Directions for this task: All entries are to be copied verbatim, while the pictures stay out.

= = = =

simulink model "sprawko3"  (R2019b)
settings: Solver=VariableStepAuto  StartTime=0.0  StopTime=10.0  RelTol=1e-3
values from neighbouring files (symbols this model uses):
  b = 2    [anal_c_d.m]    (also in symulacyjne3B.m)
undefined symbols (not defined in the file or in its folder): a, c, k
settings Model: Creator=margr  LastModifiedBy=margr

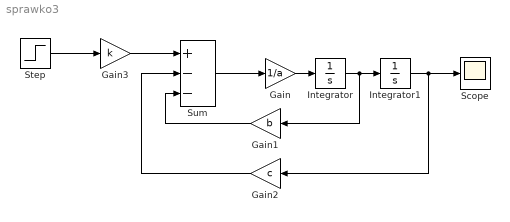
== system sprawko3 ==
  Gain : Gain  Gain=1/a
  Gain1 : Gain  Gain=b
  Gain2 : Gain  Gain=c
  Gain3 : Gain  Gain=k
  Integrator : Integrator
  Integrator1 : Integrator  InitialCondition=2
  Scope : Scope
  Step : Step  SampleTime=0
  Sum : Sum  Inputs=+--
  wires:
  Sum/1 -> Gain/1
  Gain/1 -> Integrator/1
  Integrator/1 -> Gain1/1, Integrator1/1
  Integrator1/1 -> Gain2/1, Scope/1
  Gain1/1 -> Sum/3
  Gain2/1 -> Sum/2
  Gain3/1 -> Sum/1
  Step/1 -> Gain3/1

= = = =

Result of the exercise:
simulink model "sprawko3"  (R2019b)
settings: Solver=VariableStepAuto  StartTime=0.0  StopTime=10.0  RelTol=1e-3
values from neighbouring files (symbols this model uses):
  b = 2    [anal_c_d.m]    (also in symulacyjne3B.m)
undefined symbols (not defined in the file or in its folder): a, c, k
settings Model: Creator=margr  LastModifiedBy=margr

== system sprawko3 ==
  Gain : Gain  Gain=1/a
  Gain1 : Gain  Gain=b
  Gain2 : Gain  Gain=c
  Gain3 : Gain  Gain=k
  Integrator : Integrator
  Integrator1 : Integrator  InitialCondition=2
  Scope : Scope
  Step : Step  SampleTime=0
  Sum : Sum  Inputs=+--
  wires:
  Sum/1 -> Gain/1
  Gain/1 -> Integrator/1
  Integrator/1 -> Gain1/1, Integrator1/1
  Integrator1/1 -> Gain2/1, Scope/1
  Gain1/1 -> Sum/3
  Gain2/1 -> Sum/2
  Gain3/1 -> Sum/1
  Step/1 -> Gain3/1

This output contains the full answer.